-- Records from a collection --
:::::
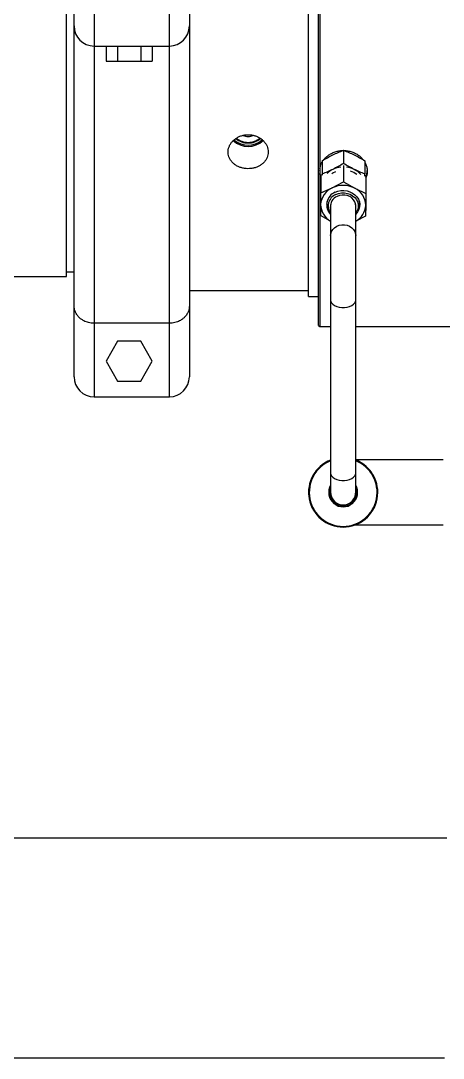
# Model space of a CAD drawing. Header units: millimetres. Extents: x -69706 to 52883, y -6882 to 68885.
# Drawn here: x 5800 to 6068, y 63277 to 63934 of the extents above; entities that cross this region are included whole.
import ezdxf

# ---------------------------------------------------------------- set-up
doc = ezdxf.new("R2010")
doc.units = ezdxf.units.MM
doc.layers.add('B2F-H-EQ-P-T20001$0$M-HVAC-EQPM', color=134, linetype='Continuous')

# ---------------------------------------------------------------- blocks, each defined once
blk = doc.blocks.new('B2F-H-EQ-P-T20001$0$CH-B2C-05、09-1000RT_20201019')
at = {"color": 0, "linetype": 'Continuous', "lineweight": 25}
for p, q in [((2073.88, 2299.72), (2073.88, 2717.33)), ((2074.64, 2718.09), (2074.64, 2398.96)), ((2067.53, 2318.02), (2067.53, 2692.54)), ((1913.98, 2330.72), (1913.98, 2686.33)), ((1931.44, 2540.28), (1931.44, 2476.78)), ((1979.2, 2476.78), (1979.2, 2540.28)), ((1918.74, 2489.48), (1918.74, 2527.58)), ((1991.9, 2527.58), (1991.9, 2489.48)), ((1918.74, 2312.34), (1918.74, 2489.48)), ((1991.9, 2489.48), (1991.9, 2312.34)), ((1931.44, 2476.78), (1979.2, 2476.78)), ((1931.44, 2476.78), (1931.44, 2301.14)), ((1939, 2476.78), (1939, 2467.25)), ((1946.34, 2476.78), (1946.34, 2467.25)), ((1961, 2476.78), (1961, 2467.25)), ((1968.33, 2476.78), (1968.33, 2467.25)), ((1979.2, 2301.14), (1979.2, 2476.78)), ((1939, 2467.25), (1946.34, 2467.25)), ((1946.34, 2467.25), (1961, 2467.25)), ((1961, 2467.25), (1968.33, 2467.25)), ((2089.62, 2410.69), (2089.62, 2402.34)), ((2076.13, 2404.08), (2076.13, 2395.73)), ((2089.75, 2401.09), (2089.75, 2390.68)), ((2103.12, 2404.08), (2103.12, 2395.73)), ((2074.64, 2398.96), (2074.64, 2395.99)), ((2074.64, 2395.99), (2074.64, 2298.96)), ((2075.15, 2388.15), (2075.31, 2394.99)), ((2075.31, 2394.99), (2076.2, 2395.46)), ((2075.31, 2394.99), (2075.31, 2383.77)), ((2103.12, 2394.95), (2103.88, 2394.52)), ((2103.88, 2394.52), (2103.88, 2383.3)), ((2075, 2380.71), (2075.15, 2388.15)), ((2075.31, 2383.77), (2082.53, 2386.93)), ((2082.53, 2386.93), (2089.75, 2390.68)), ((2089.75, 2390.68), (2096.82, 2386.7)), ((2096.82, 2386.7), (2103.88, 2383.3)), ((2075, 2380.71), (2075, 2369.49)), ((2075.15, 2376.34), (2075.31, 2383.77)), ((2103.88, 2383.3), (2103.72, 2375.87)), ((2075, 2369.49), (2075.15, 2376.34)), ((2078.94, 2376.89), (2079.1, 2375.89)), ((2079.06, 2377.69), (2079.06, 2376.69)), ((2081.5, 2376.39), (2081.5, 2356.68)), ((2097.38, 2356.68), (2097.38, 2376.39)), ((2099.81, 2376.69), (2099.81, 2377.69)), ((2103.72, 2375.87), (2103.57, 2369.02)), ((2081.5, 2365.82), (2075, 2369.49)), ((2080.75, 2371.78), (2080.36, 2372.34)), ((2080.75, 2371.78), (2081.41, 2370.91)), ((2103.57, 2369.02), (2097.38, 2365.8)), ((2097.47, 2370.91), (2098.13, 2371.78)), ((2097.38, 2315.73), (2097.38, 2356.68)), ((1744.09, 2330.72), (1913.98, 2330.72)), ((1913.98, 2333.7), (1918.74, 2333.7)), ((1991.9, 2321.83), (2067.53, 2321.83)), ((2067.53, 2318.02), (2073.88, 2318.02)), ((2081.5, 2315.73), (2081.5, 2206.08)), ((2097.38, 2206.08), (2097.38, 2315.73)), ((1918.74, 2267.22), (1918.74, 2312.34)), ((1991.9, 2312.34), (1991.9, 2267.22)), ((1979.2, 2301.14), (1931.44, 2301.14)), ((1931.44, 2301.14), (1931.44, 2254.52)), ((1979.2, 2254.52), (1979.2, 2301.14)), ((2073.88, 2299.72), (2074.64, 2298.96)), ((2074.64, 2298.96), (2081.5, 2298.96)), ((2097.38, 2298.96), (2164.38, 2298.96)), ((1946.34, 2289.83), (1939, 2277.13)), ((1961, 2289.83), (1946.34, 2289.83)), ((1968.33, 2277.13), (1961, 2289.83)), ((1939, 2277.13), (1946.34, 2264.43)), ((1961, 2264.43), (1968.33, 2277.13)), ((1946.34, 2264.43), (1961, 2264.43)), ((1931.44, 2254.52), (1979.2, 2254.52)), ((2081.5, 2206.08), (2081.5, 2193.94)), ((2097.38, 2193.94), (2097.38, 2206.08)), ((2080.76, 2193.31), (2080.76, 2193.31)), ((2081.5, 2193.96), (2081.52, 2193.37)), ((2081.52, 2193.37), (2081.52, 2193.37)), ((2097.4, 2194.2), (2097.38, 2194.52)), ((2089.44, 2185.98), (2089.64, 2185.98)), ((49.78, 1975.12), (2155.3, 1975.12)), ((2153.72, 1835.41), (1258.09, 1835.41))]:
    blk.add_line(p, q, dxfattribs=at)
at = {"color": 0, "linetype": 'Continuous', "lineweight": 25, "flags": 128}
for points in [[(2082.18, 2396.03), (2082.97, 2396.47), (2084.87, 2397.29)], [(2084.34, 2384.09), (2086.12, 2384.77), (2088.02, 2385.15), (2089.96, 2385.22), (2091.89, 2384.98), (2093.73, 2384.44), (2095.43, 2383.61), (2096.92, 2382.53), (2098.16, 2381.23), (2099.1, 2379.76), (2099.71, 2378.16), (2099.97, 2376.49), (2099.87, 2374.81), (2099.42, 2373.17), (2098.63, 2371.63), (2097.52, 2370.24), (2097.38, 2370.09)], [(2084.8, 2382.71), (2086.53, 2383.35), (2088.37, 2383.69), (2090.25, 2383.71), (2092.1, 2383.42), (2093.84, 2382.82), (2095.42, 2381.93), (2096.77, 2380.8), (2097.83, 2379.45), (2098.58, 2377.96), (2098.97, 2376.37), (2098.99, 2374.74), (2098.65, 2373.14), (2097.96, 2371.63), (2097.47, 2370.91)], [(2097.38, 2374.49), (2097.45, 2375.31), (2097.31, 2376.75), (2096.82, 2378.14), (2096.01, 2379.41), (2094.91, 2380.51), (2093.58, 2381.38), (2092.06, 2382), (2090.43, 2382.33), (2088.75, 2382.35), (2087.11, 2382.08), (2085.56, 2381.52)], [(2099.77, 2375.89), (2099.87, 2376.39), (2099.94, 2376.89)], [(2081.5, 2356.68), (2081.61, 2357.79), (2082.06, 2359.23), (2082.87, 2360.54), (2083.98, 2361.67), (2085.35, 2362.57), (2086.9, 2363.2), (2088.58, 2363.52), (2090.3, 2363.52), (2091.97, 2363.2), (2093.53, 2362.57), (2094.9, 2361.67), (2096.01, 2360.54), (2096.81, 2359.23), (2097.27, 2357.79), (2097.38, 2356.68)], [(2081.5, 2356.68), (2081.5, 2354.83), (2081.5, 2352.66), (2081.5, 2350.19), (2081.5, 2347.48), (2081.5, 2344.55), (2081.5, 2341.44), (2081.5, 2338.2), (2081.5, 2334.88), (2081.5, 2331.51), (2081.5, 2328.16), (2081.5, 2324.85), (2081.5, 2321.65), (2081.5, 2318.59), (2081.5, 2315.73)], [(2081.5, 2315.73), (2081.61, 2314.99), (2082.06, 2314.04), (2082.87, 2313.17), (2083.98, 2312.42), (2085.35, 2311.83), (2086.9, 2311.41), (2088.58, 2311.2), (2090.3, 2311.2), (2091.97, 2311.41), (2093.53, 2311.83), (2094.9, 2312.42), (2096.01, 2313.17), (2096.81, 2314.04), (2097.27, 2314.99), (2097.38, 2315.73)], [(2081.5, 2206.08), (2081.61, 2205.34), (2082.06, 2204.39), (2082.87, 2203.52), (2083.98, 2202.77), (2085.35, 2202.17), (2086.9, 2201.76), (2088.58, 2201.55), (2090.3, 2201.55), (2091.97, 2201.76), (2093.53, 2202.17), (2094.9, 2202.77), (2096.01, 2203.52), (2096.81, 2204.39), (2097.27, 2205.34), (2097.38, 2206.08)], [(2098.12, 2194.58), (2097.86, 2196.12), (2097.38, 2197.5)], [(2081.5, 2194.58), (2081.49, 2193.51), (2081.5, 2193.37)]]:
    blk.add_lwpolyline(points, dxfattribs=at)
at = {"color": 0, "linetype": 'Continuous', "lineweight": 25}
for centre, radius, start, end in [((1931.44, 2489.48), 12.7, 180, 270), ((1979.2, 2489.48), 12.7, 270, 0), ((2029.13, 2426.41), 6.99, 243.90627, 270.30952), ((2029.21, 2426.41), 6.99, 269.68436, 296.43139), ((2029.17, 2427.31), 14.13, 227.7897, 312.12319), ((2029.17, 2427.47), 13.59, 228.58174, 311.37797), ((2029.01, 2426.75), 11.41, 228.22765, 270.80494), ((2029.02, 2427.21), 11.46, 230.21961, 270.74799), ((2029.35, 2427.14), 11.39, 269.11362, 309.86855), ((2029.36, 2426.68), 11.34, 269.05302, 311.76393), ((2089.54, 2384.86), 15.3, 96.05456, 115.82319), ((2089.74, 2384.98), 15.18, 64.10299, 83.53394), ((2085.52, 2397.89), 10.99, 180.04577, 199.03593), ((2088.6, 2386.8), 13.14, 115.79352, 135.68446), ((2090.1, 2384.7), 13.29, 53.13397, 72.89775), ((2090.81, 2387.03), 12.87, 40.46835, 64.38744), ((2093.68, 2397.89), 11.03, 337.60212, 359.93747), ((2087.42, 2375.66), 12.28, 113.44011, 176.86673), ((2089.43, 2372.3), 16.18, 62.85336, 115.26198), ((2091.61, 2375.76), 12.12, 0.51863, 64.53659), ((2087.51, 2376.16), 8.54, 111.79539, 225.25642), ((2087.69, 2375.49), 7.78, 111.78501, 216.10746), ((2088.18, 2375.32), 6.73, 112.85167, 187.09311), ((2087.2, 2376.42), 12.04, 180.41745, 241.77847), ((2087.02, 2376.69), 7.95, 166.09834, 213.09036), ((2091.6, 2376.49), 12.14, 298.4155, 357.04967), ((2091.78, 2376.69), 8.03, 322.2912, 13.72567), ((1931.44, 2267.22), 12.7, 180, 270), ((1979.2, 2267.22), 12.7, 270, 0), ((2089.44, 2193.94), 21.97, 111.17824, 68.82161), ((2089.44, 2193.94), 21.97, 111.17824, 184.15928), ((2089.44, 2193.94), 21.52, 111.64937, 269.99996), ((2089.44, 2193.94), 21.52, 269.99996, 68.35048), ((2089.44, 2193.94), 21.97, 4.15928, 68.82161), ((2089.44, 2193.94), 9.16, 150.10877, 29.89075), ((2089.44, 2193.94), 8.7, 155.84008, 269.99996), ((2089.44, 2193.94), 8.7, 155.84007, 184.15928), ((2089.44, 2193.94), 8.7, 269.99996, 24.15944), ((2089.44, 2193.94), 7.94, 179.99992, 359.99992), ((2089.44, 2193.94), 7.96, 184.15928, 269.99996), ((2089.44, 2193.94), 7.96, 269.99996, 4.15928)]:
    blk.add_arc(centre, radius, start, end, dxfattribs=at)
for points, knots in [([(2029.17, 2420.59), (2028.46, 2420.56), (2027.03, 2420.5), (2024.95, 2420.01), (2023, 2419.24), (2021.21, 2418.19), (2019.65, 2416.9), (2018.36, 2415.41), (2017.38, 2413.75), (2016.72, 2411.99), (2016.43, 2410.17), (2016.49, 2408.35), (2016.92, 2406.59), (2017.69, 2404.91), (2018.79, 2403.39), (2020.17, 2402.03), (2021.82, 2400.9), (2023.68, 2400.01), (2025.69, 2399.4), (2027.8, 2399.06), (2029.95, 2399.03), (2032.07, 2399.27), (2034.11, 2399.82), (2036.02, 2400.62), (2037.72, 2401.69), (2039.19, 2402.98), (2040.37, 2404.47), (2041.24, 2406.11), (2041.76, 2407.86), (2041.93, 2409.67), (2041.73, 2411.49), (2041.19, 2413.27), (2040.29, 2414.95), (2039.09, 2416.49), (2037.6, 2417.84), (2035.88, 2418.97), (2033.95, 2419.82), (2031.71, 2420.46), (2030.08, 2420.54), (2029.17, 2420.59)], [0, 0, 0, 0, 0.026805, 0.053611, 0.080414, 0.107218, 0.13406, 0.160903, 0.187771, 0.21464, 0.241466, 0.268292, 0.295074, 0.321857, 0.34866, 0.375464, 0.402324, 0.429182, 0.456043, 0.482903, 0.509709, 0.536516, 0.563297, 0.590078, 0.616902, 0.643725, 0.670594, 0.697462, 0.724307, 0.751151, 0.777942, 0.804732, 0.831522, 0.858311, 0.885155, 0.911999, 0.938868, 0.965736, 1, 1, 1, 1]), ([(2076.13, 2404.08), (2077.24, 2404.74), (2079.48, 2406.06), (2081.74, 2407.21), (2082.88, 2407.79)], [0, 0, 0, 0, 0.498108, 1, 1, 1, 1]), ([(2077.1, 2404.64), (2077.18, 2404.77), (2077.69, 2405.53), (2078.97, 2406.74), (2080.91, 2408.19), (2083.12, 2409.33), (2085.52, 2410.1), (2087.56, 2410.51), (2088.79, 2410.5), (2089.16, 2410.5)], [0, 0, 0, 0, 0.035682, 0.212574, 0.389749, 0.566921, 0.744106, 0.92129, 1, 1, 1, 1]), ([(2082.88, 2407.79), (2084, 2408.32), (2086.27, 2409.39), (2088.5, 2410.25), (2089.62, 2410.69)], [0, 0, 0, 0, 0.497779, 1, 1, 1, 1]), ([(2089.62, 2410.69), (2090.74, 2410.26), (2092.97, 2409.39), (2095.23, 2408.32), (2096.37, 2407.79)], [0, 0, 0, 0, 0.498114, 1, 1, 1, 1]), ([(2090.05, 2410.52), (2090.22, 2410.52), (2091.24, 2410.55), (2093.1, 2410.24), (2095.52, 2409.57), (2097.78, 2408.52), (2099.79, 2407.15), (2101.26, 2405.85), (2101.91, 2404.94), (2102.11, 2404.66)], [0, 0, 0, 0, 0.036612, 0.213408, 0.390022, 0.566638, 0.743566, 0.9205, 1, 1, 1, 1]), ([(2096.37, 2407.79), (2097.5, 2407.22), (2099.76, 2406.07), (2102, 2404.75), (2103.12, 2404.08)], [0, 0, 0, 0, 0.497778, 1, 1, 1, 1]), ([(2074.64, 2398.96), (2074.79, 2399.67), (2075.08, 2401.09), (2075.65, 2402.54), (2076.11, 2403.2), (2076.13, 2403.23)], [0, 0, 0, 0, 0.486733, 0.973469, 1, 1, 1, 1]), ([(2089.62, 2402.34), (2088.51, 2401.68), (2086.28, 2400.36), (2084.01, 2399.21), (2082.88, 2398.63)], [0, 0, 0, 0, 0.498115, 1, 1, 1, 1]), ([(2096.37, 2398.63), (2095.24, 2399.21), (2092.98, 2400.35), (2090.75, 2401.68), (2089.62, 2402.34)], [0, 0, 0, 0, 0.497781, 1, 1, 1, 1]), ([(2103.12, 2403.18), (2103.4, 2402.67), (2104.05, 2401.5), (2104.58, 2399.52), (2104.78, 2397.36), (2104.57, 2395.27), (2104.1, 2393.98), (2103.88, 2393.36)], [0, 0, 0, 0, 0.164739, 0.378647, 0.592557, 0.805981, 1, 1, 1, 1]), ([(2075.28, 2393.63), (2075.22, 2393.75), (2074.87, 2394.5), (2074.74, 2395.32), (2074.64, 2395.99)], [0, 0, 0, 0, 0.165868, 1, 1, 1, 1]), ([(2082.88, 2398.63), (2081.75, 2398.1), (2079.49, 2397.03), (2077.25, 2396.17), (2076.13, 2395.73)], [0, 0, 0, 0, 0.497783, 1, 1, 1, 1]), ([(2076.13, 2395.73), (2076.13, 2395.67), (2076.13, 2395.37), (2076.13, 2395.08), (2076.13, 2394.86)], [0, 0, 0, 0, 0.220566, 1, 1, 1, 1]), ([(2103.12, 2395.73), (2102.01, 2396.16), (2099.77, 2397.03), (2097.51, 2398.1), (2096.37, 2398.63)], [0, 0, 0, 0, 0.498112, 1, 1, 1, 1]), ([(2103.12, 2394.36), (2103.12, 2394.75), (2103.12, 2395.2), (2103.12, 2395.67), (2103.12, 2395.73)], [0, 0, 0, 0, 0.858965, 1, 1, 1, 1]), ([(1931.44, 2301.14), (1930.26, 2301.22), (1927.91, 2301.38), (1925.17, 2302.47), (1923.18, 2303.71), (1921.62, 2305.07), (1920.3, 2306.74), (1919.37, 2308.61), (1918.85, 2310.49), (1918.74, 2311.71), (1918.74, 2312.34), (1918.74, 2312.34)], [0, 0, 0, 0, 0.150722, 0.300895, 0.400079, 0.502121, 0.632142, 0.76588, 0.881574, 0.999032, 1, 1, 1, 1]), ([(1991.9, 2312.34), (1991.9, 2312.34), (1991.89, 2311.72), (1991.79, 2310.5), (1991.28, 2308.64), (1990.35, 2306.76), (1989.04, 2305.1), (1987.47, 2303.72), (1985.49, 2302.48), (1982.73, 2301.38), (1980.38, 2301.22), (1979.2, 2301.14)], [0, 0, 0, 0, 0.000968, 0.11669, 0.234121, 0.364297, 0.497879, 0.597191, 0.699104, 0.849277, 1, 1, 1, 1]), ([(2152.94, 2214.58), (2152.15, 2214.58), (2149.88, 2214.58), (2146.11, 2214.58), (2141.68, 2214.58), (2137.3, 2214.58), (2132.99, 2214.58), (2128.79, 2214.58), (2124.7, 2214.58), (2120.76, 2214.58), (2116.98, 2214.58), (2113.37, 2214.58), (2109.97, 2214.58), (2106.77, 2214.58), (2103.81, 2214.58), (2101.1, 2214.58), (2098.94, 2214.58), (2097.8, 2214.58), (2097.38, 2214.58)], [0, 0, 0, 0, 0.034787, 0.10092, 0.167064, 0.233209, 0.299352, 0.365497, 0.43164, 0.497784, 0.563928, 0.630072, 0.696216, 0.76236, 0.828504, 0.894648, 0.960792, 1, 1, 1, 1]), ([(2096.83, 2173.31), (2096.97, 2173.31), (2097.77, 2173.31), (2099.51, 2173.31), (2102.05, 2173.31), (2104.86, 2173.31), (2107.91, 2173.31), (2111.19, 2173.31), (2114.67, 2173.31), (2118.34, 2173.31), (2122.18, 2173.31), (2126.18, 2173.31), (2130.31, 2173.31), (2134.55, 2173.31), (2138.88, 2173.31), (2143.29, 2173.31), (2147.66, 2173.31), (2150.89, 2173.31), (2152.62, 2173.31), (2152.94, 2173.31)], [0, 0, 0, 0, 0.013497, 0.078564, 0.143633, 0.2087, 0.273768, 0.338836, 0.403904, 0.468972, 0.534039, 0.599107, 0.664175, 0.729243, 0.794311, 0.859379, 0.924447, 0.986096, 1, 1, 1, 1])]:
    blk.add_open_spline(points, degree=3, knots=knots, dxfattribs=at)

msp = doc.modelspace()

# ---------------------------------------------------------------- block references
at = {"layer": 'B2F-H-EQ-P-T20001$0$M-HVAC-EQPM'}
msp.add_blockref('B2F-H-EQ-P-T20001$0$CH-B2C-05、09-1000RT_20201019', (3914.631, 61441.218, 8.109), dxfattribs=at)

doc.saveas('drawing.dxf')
:::::
-- WORK INSTRUCTIONS --
Find "# Drawn here: x" in the entries above and copy that whole line exactly, then each line after it through the line that contains "doc.units = ezdxf.units.MM".

-- SOLUTION TO THIS EXERCISE --
# Drawn here: x 5800 to 6068, y 63277 to 63934 of the extents above; entities that cross this region are included whole.
import ezdxf

# ---------------------------------------------------------------- set-up
doc = ezdxf.new("R2010")
doc.units = ezdxf.units.MM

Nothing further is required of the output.